In the November/December 2015 edition of Industrial Distribution, I wrote about a controversial decision issued by the National Labor Relations Board (NLRB) — Browning-Ferris Industries, 362 NLRB No. 186 (2015) — which significantly expanded the test it used for 30-years prior Browning-Ferris to determine whether businesses are "joint employers" under the National Labor Relations Act (NLRA). Under the existing bright-line test, businesses could readily determine whether they were a joint employer with other employers who they partnered with — whether contract labor or other outsourced functions.

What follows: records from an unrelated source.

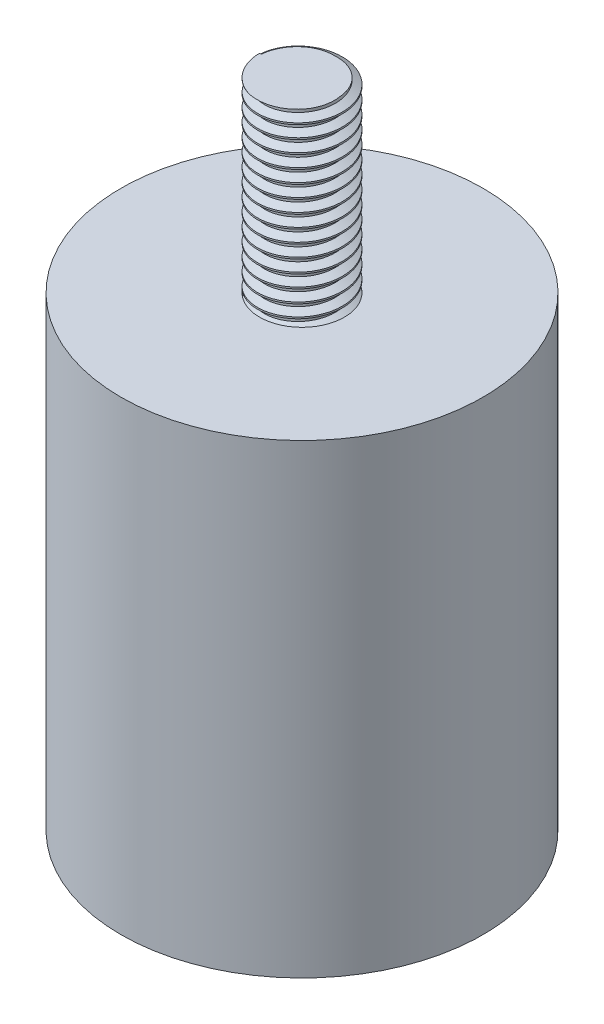
from build123d import *

# Parameters (mm, degrees)
IZIM1_W               = 4.1
IZIM1_H               = 18
IZIM1_W_2             = 17.5
IZIM1_H_2             = 45
DI_1_PITCH            = 1.25
M8_DI_LI_DELIK1_D     = 6.8
M8_DI_LI_DELIK1_DEPTH = 15
M8_DI_LI_DELIK1_TIP   = 2.042926105


with BuildPart() as part:
    # Çizim1 → Döndür1 (revolve)
    with BuildSketch(Plane.XY, mode=Mode.PRIVATE) as d_nd_r1_sk:
        with Locations((15.45, 54)):
            Rectangle(IZIM1_W, IZIM1_H)
        with Locations((8.75, 22.5)):
            Rectangle(IZIM1_W_2, IZIM1_H_2)
    revolve(d_nd_r1_sk.sketch.rotate(Axis((17.5, 0, 0), (0, 1, 0)), 270), axis=Axis((17.5, 0, 0), (0, 1, 0)))

    # Diş1: the profile of Diş Profili1 profile screwed along a right-hand helix of 15.2 turns, 8 arcs to a turn; built about Z, then put on its axis
    di_1_z = Axis((0, 0, 0), (0, 0, 1))
    di_1_corners = [(4.1003, 0, -0.000173205), (4.1003, 0, 1.093923202), (3.423417656, 0, 0.703124998), (3.423417656, 0, 0.390624998)]
    with BuildLine(mode=Mode.PRIVATE) as di_1_profile:
        Line(di_1_corners[0], di_1_corners[1])
        Line(di_1_corners[1], di_1_corners[2])
        Line(di_1_corners[2], di_1_corners[3])
        Line(di_1_corners[3], di_1_corners[0])
    di_1_cap = Face(di_1_profile.wire())
    di_1_turn_angles = [0, 22.5, 45, 67.5, 90, 112.5, 135, 157.5, 180, 202.5, 225, 247.5, 270, 292.5, 315, 337.5, 360]
    di_1_turn_weights = [1, 0.9238795325112867, 1, 0.9238795325112867, 1, 0.9238795325112867, 1, 0.9238795325112867, 1, 0.9238795325112867, 1, 0.9238795325112867, 1, 0.9238795325112867, 1, 0.9238795325112867, 1]
    di_1_turn_rails = [Edge.make_bspline([Vector(p[0], p[1], 0).rotate(di_1_z, di_1_turn_angles[k]) / di_1_turn_weights[k] + Vector(0, 0, p[2] + DI_1_PITCH * di_1_turn_angles[k] / 360) for k in range(17)], [0, 0, 0, 1, 1, 2, 2, 3, 3, 4, 4, 5, 5, 6, 6, 7, 7, 8, 8, 8], 2, di_1_turn_weights) for p in di_1_corners]
    di_1_turn_sides = [Face.make_surface_from_curves(di_1_turn_rails[p[0]], di_1_turn_rails[p[1]]) for p in [(0, 1), (1, 2), (2, 3), (3, 0)]]
    di_1_last_angles = [5400, 5422.5, 5445, 5458.5, 5472]
    di_1_last_weights = [1, 0.9238795325112867, 1, 0.9723699203976748, 1]
    di_1_last_rails = [Edge.make_bspline([Vector(p[0], p[1], 0).rotate(di_1_z, di_1_last_angles[k]) / di_1_last_weights[k] + Vector(0, 0, p[2] + DI_1_PITCH * di_1_last_angles[k] / 360) for k in range(5)], [0, 0, 0, 1, 1, 2, 2, 2], 2, di_1_last_weights) for p in di_1_corners]
    di_1_last_sides = [Face.make_surface_from_curves(di_1_last_rails[p[0]], di_1_last_rails[p[1]]) for p in [(0, 1), (1, 2), (2, 3), (3, 0)]]
    di_1 = Plane(origin=(17.5, 64, 0), x_dir=(-1, 0, 0), z_dir=(0, -1, 0)) * Solid(Shell([*[p.moved(Location((0, 0, DI_1_PITCH * i))) for i in range(15) for p in di_1_turn_sides], *di_1_last_sides, di_1_cap, di_1_cap.rotate(di_1_z, 5472).moved(Location((0, 0, DI_1_PITCH * 5472 / 360)))]))
    add(di_1, mode=Mode.SUBTRACT)

    # M8 Dişli Delik1
    with Locations(Plane(origin=(0, 0, 0), x_dir=(-1, 0, 0), z_dir=(0, -1, 0))):
        with Locations((-17.5, 0)):
            Hole(M8_DI_LI_DELIK1_D / 2, depth=M8_DI_LI_DELIK1_DEPTH)
            with Locations((0, 0, -(M8_DI_LI_DELIK1_DEPTH + M8_DI_LI_DELIK1_TIP / 2))):  # 118° drill point
                Cone(0, M8_DI_LI_DELIK1_D / 2, M8_DI_LI_DELIK1_TIP, mode=Mode.SUBTRACT)


solid = part.part

If so, then both businesses would be subject, for example, to the obligation to negotiate with a labor union over terms and conditions of employment, be subject to claims for violation of the NLRA (i.e., unfair labor practices) and be subject to secondary activity, like strikes, boycotts and/or picketing. Fortunately, the test existing prior to Browning-Ferris was straightforward, driven in large part by a determination of the exercise of direct, actual control over another employer’s workforce to determine joint employer liability.
As is typical with the NLRB, its opinions change with the political tides. While Browning-Ferris was hotly-contested and sharply-divided by political lines, the new conservative majority comprising the NLRB overruled its own 2015 decision in Browning-Ferris on Dec. 14, 2017, restoring the test to what the NLRB used for 30-years. The case Hy-Brand Industrial Contractors and Brandt Construction Co., 365 No. 156 (Dec. 14, 2017) held that two or more entities will be deemed joint employers under the NLRA only if one entity has exercised control over essential employment terms of another entity's employees "directly and immediately" in a manner that is "not limited and routine."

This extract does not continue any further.